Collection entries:
::::

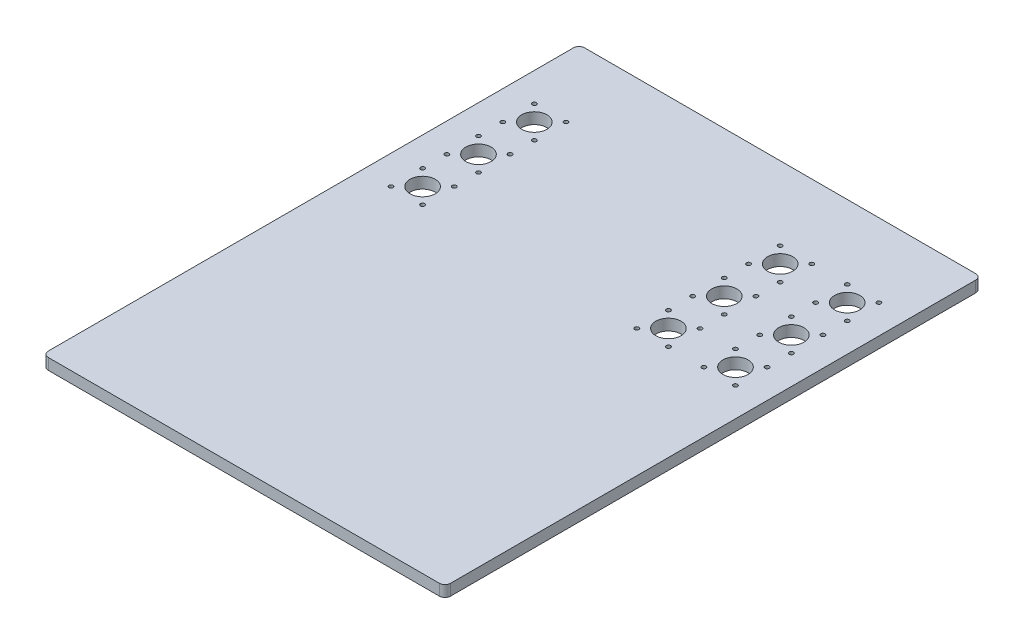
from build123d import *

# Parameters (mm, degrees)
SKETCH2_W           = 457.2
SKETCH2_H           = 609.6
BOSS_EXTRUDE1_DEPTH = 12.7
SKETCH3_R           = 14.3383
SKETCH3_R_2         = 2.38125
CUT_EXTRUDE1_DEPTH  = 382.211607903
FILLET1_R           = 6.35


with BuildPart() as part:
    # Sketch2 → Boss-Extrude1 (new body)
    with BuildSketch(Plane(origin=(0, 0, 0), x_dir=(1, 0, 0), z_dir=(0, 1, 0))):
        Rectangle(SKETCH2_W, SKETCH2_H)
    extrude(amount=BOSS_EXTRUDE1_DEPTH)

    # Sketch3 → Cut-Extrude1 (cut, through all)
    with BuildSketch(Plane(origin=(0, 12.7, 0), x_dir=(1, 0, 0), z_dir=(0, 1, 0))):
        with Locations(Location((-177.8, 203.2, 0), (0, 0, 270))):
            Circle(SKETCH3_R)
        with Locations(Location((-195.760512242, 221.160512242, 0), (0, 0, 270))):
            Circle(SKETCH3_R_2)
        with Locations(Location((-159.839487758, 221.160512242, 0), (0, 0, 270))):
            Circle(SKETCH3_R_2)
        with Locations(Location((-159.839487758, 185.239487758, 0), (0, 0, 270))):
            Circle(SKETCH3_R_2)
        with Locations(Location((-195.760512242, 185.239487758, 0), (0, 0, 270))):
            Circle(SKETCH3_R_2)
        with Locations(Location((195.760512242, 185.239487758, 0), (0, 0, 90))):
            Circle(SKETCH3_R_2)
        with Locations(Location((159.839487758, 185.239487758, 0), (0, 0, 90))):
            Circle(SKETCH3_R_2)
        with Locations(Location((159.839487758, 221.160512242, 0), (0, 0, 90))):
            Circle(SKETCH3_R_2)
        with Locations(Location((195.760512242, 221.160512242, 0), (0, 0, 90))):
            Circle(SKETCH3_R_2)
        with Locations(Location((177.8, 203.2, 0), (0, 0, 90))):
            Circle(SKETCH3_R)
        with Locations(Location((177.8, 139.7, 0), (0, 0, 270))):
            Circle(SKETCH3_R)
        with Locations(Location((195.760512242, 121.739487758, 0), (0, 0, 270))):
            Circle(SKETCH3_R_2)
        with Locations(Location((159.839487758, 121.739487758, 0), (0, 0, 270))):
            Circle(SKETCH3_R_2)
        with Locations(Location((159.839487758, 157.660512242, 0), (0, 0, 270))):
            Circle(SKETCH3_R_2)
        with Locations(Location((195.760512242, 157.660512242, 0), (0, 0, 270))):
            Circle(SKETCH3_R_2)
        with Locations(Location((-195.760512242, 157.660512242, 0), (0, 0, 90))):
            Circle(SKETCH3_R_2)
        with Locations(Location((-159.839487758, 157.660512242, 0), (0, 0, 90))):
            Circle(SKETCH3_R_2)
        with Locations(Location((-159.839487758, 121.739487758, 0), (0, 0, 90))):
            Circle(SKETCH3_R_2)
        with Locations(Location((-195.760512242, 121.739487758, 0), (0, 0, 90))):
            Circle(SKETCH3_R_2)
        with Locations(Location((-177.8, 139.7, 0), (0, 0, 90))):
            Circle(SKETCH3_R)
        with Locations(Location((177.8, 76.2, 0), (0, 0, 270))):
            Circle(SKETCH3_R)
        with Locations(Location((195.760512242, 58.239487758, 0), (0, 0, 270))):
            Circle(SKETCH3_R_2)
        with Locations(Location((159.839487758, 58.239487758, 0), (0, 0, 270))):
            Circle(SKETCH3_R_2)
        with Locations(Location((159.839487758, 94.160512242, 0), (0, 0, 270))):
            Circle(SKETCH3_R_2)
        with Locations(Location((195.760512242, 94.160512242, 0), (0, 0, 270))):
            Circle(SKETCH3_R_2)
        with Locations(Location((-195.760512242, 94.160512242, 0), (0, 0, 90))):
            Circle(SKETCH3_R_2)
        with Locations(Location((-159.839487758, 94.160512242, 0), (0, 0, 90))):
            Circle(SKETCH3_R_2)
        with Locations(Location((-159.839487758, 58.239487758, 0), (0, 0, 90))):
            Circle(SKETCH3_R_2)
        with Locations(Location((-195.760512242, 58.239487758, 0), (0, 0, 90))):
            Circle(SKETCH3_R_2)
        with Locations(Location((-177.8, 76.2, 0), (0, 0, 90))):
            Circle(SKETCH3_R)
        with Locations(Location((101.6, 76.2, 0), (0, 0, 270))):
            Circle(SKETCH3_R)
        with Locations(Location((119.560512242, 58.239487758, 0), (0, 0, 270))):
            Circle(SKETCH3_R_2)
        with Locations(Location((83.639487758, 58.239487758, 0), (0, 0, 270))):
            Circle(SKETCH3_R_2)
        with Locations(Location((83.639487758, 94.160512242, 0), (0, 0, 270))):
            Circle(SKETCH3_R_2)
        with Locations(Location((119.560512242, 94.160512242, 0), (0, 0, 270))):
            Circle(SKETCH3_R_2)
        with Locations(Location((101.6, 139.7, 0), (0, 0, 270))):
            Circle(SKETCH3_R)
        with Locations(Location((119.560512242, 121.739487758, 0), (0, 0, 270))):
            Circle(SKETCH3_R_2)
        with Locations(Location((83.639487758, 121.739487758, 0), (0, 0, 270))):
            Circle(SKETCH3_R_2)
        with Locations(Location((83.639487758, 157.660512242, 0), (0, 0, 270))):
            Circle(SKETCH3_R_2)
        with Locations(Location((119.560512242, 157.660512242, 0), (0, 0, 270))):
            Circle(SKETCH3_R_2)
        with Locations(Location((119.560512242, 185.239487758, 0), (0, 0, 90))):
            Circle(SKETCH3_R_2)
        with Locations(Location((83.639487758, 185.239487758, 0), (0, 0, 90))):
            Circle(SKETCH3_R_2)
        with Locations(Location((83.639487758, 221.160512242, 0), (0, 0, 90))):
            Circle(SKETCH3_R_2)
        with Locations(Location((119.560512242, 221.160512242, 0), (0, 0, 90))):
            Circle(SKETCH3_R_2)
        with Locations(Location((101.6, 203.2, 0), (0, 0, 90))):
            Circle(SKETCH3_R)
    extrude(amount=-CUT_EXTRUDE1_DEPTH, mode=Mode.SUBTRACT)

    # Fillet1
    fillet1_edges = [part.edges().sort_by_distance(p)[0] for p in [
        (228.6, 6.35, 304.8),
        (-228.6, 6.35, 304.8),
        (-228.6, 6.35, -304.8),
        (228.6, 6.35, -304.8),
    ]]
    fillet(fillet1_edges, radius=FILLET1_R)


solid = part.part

::::

What you have to do:
Scan the entries above and copy each line where "part" occurs.

Worked solution:
with BuildPart() as part:
    fillet1_edges = [part.edges().sort_by_distance(p)[0] for p in [
solid = part.part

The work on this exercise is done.